You can use DGS’s support for custom instrumentation:
@Bean
public GraphQLCustomizer depthLimiter() {
return builder -> builder.instrumentation(new MaxQueryDepthInstrumentation(10));
}
3. Schema Stitching for Microservices
Large GraphQL APIs are often split across services. DGS supports schema federation and composition, allowing teams to scale independently while exposing a unified API surface.
Netflix uses this internally for their hundreds of microservices and calls it the “Graph of Graphs” architecture.
6. Real-World Use: Netflix’s Story
Netflix built the DGS Framework to power their own GraphQL gateway, which unifies data from hundreds of backend services. Their architecture relies on schema federation, central observability, and developer self-service.

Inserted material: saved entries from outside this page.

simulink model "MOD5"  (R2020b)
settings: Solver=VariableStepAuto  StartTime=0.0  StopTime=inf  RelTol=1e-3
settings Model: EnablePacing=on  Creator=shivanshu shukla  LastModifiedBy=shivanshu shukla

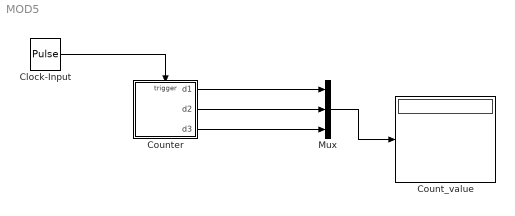
== system MOD5 ==
  Clock-Input : DiscretePulseGenerator  PulseType=Time based  Period=1  PulseWidth=2
  Count_value : Display
  Counter : Stateflow chart  TreatAsAtomicUnit=on
  Mux : Mux  Inputs=3
  wires:
  Clock-Input/1 -> Counter/Trigger
  Counter/1(d1) -> Mux/1
  Counter/2(d2) -> Mux/2
  Counter/3(d3) -> Mux/3
  Mux/1 -> Count_value/1

== stateflow chart MOD5/Counter ==
  state digit1 [parallel]
    settings: executionOrder=1
    state One
      en:
      d1=1;
    state Two
      en:
      d1=2;
    state Three
      en:
      d1=3;
    state Zero
      en:
      d1=0;
    state Four
      en:
      d1=4;
    digit1.Three -> digit1.Four : inputclk
    digit1.Zero -> digit1.One : inputclk
    digit1.One -> digit1.Two : inputclk
    digit1.Two -> digit1.Three : inputclk
    (default) -> digit1.Zero
    digit1.Four -> digit1.Zero : inputclk/{digit2.inc2;}
  state digit2 [parallel]
    settings: executionOrder=2
    state One
      en:
      d2=1;
    state Two
      en:
      d2=2;
    state Three
      en:
      d2=3;
    state Zero
      en:
      d2=0;
    state Four
      en:
      d2=4;
    digit2.Three -> digit2.Four : inc2
    digit2.Zero -> digit2.One : inc2
    digit2.One -> digit2.Two : inc2
    digit2.Two -> digit2.Three : inc2
    (default) -> digit2.Zero
    digit2.Four -> digit2.Zero : inc2/{digit3.inc3;}
  state digit3 [parallel]
    settings: executionOrder=3
    state One
      en:
      d3=1;
    state Two
      en:
      d3=2;
    state Three
      en:
      d3=3;
    state Zero
      en:
      d3=0;
    state Four
      en:
      d3=4;
    digit3.Three -> digit3.Four : inc3
    digit3.Zero -> digit3.One : inc3
    digit3.One -> digit3.Two : inc3
    digit3.Two -> digit3.Three : inc3
    (default) -> digit3.Zero
    digit3.Four -> digit3.Zero : inc3
  data: d1 output; d2 output; d3 output
  events: inc2 local FUNCTION_CALL_EVENT; inc3 local FUNCTION_CALL_EVENT; inputclk input RISING_EDGE_EVENT
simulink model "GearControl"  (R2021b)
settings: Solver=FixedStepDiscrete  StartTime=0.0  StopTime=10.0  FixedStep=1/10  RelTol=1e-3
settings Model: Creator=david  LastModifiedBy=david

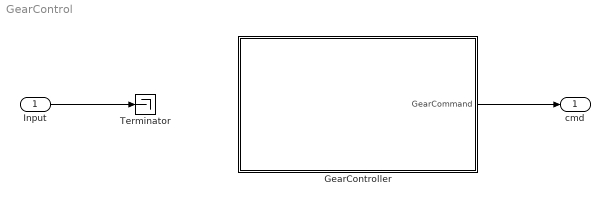
== system GearControl ==
  Input : Inport
  GearController : Stateflow chart  TreatAsAtomicUnit=on
  Terminator : Terminator
  cmd : Outport
  wires:
  GearController/1(GearCommand) -> cmd/1
  Input/1 -> Terminator/1

== stateflow chart GearControl/GearController ==
  state EntryState
    entry:
    GearCommand = GearPosition.down;
  state GearUp
  state GearDown
  (default) -> EntryState
  EntryState -> GearDown [order 1] : [GearCommand == GearPosition.down]
  EntryState -> GearUp [order 2] : [GearCommand == GearPosition.up]
  data: GearCommand output =GearPosition.down
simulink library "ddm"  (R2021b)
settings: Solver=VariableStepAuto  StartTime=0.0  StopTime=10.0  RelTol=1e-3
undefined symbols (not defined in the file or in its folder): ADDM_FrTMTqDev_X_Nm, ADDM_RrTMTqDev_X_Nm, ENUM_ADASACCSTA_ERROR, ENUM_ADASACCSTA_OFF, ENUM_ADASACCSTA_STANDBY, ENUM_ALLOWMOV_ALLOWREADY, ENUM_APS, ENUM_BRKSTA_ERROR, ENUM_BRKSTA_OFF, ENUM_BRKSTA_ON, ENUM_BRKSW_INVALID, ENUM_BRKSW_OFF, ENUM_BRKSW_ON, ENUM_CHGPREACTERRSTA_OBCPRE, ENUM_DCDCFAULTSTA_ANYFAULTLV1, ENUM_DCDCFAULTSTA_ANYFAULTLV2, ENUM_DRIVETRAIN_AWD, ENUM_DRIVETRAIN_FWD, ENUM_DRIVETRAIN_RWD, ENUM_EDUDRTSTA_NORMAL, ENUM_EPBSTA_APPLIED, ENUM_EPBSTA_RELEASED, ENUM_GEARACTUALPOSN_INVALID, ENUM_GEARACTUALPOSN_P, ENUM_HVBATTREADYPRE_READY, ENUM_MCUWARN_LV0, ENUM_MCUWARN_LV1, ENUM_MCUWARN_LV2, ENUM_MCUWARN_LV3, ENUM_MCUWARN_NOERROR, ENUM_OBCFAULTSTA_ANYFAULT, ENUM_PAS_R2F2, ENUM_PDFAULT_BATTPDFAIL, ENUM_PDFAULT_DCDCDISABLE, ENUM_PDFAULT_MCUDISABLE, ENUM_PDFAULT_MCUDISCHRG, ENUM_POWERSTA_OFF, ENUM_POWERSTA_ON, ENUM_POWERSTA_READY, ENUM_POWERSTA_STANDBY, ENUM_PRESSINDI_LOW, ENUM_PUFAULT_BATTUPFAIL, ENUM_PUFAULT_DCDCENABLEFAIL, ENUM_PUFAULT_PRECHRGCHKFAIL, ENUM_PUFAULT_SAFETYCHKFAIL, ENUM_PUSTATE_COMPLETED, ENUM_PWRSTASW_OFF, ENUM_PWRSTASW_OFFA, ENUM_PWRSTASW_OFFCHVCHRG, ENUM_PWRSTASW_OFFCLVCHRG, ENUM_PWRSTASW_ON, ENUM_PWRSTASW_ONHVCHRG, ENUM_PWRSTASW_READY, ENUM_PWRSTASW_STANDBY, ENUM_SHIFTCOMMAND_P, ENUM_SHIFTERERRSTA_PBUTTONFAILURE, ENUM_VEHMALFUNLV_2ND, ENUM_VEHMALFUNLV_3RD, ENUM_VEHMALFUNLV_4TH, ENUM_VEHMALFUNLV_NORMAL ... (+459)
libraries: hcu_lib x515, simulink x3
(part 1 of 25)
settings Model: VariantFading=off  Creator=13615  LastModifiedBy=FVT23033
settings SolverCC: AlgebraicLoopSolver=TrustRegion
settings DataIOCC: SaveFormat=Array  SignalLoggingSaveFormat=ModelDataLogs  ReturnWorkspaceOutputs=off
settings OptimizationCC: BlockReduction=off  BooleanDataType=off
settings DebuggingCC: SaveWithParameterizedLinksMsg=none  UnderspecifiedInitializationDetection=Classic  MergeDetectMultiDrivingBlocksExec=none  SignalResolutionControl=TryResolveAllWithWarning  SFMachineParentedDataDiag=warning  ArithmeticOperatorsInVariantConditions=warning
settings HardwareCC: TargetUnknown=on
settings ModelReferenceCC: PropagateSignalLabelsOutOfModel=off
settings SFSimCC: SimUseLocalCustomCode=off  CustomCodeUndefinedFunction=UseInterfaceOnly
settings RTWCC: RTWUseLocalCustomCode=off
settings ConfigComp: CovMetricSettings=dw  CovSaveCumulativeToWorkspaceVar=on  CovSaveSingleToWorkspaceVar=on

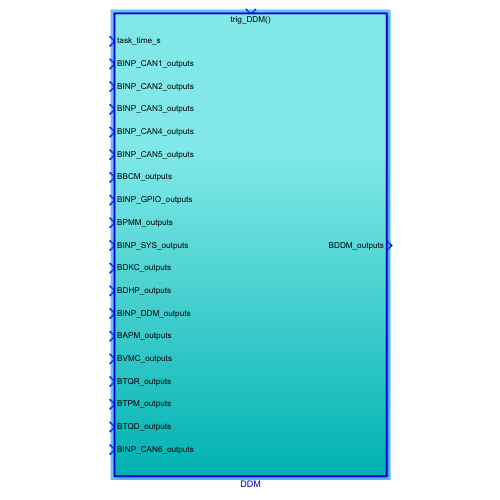
[thumbnail: Simulink's stored preview of the top-level diagram]
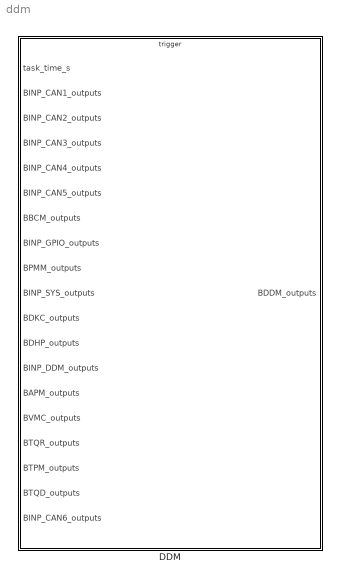
== system ddm ==
  DDM : Subsystem
      settings: RTWSystemCode=Nonreusable function  RTWFcnNameOpts=Use subsystem name  RTWFileNameOpts=Use subsystem name

== system ddm/DDM ==
  task_time_s : Inport
  BINP_CAN1_outputs : Inport  Port=2  OutDataTypeStr=Bus: BINP_CAN1_outputs
  BINP_CAN2_outputs : Inport  Port=3  OutDataTypeStr=Bus: BINP_CAN2_outputs
  BINP_CAN3_outputs : Inport  Port=4  OutDataTypeStr=Bus: BINP_CAN3_outputs
  BINP_CAN4_outputs : Inport  Port=5  OutDataTypeStr=Bus: BINP_CAN4_outputs
  BINP_CAN5_outputs : Inport  Port=6  OutDataTypeStr=Bus: BINP_CAN5_outputs
  BBCM_outputs : Inport  Port=7  OutDataTypeStr=Bus: BBCM_outputs
  BINP_GPIO_outputs : Inport  Port=8  OutDataTypeStr=Bus: BINP_GPIO_outputs
  BPMM_outputs : Inport  Port=9  OutDataTypeStr=Bus: BPMM_outputs
  BINP_SYS_outputs : Inport  Port=10  OutDataTypeStr=Bus: BINP_SYS_outputs
  BDKC_outputs : Inport  Port=11  OutDataTypeStr=Bus: BDKC_outputs
  BDHP_outputs : Inport  Port=12  OutDataTypeStr=Bus: BDHP_outputs
  BINP_DDM_outputs : Inport  Port=13  OutDataTypeStr=Bus: BINP_DDM_outputs
  BAPM_outputs : Inport  Port=14  OutDataTypeStr=Bus: BAPM_outputs
  BVMC_outputs : Inport  Port=15  OutDataTypeStr=Bus: BVMC_outputs
  BTQR_outputs : Inport  Port=16  OutDataTypeStr=Bus: BTQR_outputs
  BTPM_outputs : Inport  Port=17  OutDataTypeStr=Bus: BTPM_outputs
  BTQD_outputs : Inport  Port=18  OutDataTypeStr=Bus: BTQD_outputs
  BINP_CAN6_outputs : Inport  Port=19  OutDataTypeStr=Bus: BINP_CAN6_outputs
  trig_DDM : TriggerPort  TriggerType=function-call  VariantControl=(inherit)
  Bus Creator : BusCreator  Inputs=173  OutDataTypeStr=Bus: BDDM_outputs  NonVirtualBus=on
  Bus Selector : BusSelector  OutputSignals=VINP_CANMsgValidABM1_flg,VINP_BrkPedalPosSta_flg,VINP_BrkPedalPos_pct,VINP_BrkSwSta_flg,VINP_CANMsgValidESC1_flg,VINP_CANMsgValidESC5_flg,VINP_VehSpeed_kph,VINP_ESC1RCErr_flg,VINP_ESC1CSErr_flg,VINP_ESC5RCErr_flg,VINP_ESC5CSErr_flg,VINP_ABM1RCErr_flg,VINP_ABM1CSErr_flg,VINP_EPBSta_enum,VINP_EPBErrSta_enum,VINP_EBDFailed_flg,VINP_HDDFailed_flg,VINP_ABSFailed_flg,VINP_TCSFailed_flg,VINP_ESCFailed_flg,VINP_HBBFailed_flg,VINP_PBAFailed_flg,VINP_HSAFailed_flg,VINP_AVHFailed_flg,VINP_MCPressureV_flg,VINP_BrkSwV_flg,VINP_BrkPedalPosSta_flg,VINP_LongAccelV_flg,VINP_LatAccelV_flg,VINP_YawRateV_flg,VINP_RFPulseCountV_flg,VINP_RRPulseCountV_flg,VINP_LFPulseCountV_flg,VINP_LRPulseCountV_flg,VINP_LRRawWhlSpeedV_flg,VINP_RRRawWhlSpeedV_flg,VINP_LFRawWhlSpeedV_flg,VINP_RFRawWhlSpeedV_flg,VINP_CANMsgValidEPS1_flg,VINP_SASV_flg,VINP_CANMsgValidEPB1_flg,VINP_EPB1RCErr_flg,VINP_EPB1CSErr_flg,VINP_EPS1RCErr_flg,VINP_EPS1CSErr_flg
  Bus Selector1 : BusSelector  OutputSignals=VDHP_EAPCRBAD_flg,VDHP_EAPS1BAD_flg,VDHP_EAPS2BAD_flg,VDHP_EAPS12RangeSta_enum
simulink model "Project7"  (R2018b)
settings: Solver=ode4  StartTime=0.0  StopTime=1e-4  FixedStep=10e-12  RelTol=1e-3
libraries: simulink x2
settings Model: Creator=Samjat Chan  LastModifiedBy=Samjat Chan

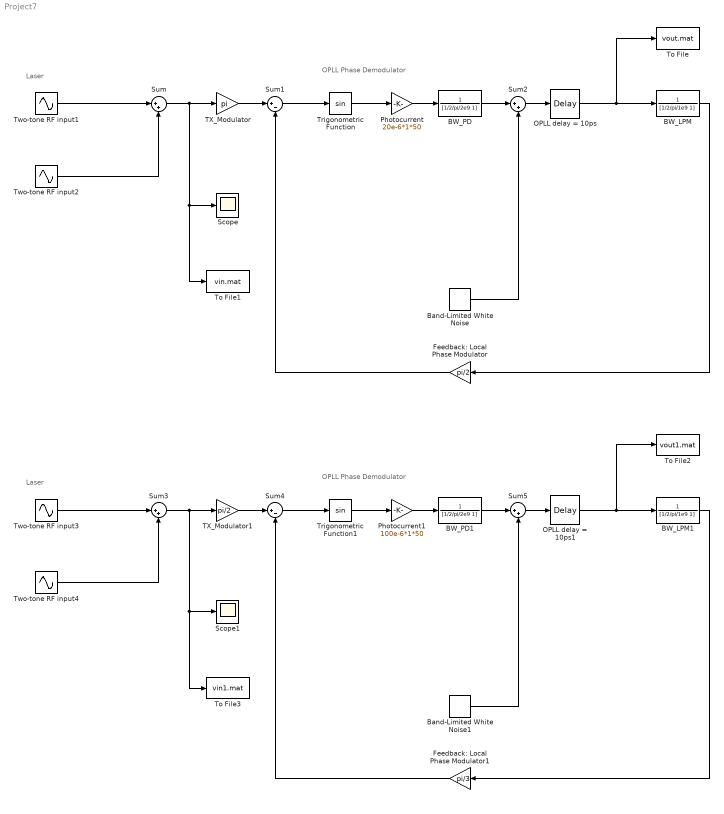
== system Project7 ==
  note: OPLL Phase Demodulator
  note: Laser
  note: OPLL Phase Demodulator
  note: Laser
  BW_LPM : TransferFcn  Denominator=[1/2/pi/1e9 1]
  BW_LPM1 : TransferFcn  Denominator=[1/2/pi/1e9 1]
  BW_PD : TransferFcn  Denominator=[1/2/pi/2e9 1]
  BW_PD1 : TransferFcn  Denominator=[1/2/pi/2e9 1]
  Band-Limited White Noise : simulink/Sources/Band-Limited White Noise  Cov=[(6e-16)/2]  Ts=10e-12  seed=[23341]
  Band-Limited White Noise1 : simulink/Sources/Band-Limited White Noise  Cov=[(6e-16)/2]  Ts=10e-12  seed=[23341]
  Feedback: Local Phase Modulator : Gain  Gain=pi/2
  Feedback: Local Phase Modulator1 : Gain  Gain=pi/3
  OPLL delay = 10ps : TransportDelay  DelayTime=10e-12  BufferSize=1024*16
  OPLL delay = 10ps1 : TransportDelay  DelayTime=10e-12  BufferSize=1024*16
  Photocurrent : Gain  Gain=20e-6*1*50
  Photocurrent1 : Gain  Gain=100e-6*1*50
  Scope : Scope
  Scope1 : Scope
  Sum{,2..3,5} (4 alike) : Sum  Inputs=|++
  Sum1 : Sum  Inputs=|+-
  Sum4 : Sum  Inputs=|+-
  TX_Modulator : Gain  Gain=pi
  TX_Modulator1 : Gain  Gain=pi/2
  To File : ToFile  Filename=vout.mat  MatrixName=vout
  To File1 : ToFile  Filename=vin.mat  MatrixName=vin
  To File2 : ToFile  Filename=vout1.mat  MatrixName=vout1
  To File3 : ToFile  Filename=vin1.mat  MatrixName=vin1
  Trigonometric Function : Trigonometry
  Trigonometric Function1 : Trigonometry
  Two-tone RF input1 : Sin  Amplitude=0.1  Frequency=(2*pi)*(500e6+10e6)  SampleTime=10e-12
  Two-tone RF input2 : Sin  Amplitude=0.1  Frequency=(2*pi)*(500e6-10e6)  SampleTime=10e-12
  Two-tone RF input3 : Sin  Amplitude=0.3  Frequency=(2*pi)*(500e6+10e6)  SampleTime=10e-12
  Two-tone RF input4 : Sin  Amplitude=0.3  Frequency=(2*pi)*(500e6-10e6)  SampleTime=10e-12
  wires:
  Sum/1 -> To File1/1, Scope/1, TX_Modulator/1
  TX_Modulator/1 -> Sum1/1
  Two-tone RF input1/1 -> Sum/1
  Two-tone RF input2/1 -> Sum/2
  OPLL delay = 10ps/1 -> To File/1, BW_LPM/1
  Feedback: Local Phase Modulator/1 -> Sum1/2
  Photocurrent/1 -> BW_PD/1
  BW_LPM/1 -> Feedback: Local Phase Modulator/1
  Sum1/1 -> Trigonometric Function/1
  Sum2/1 -> OPLL delay = 10ps/1
  Band-Limited White Noise/1 -> Sum2/2
  BW_PD/1 -> Sum2/1
  Trigonometric Function/1 -> Photocurrent/1
  Feedback: Local Phase Modulator1/1 -> Sum4/2
  BW_PD1/1 -> Sum5/1
  BW_LPM1/1 -> Feedback: Local Phase Modulator1/1
  Sum5/1 -> OPLL delay = 10ps1/1
  OPLL delay = 10ps1/1 -> To File2/1, BW_LPM1/1
  Sum3/1 -> To File3/1, Scope1/1, TX_Modulator1/1
  Two-tone RF input3/1 -> Sum3/1
  Sum4/1 -> Trigonometric Function1/1
  Photocurrent1/1 -> BW_PD1/1
  Two-tone RF input4/1 -> Sum3/2
  Band-Limited White Noise1/1 -> Sum5/2
  TX_Modulator1/1 -> Sum4/1
  Trigonometric Function1/1 -> Photocurrent1/1

By open-sourcing DGS, Netflix enabled the broader Spring community to adopt GraphQL without reinventing infrastructure. Companies like Airbnb and Intuit now use DGS to accelerate development of dynamic frontends and mobile apps.
7. Conclusion: Better APIs with GraphQL and DGS
GraphQL with Spring Boot via the Netflix DGS Framework offers an elegant, efficient way to modernize API development. Its schema-first approach promotes clarity and consistency, while resolvers and performance tools give you precise control over how data is fetched.
As frontends become more dynamic and client-specific needs grow, adopting GraphQL becomes not just an option—but a strategic advantage. With Spring Boot and DGS, Java developers now have a mature, production-ready framework to build the APIs of the future.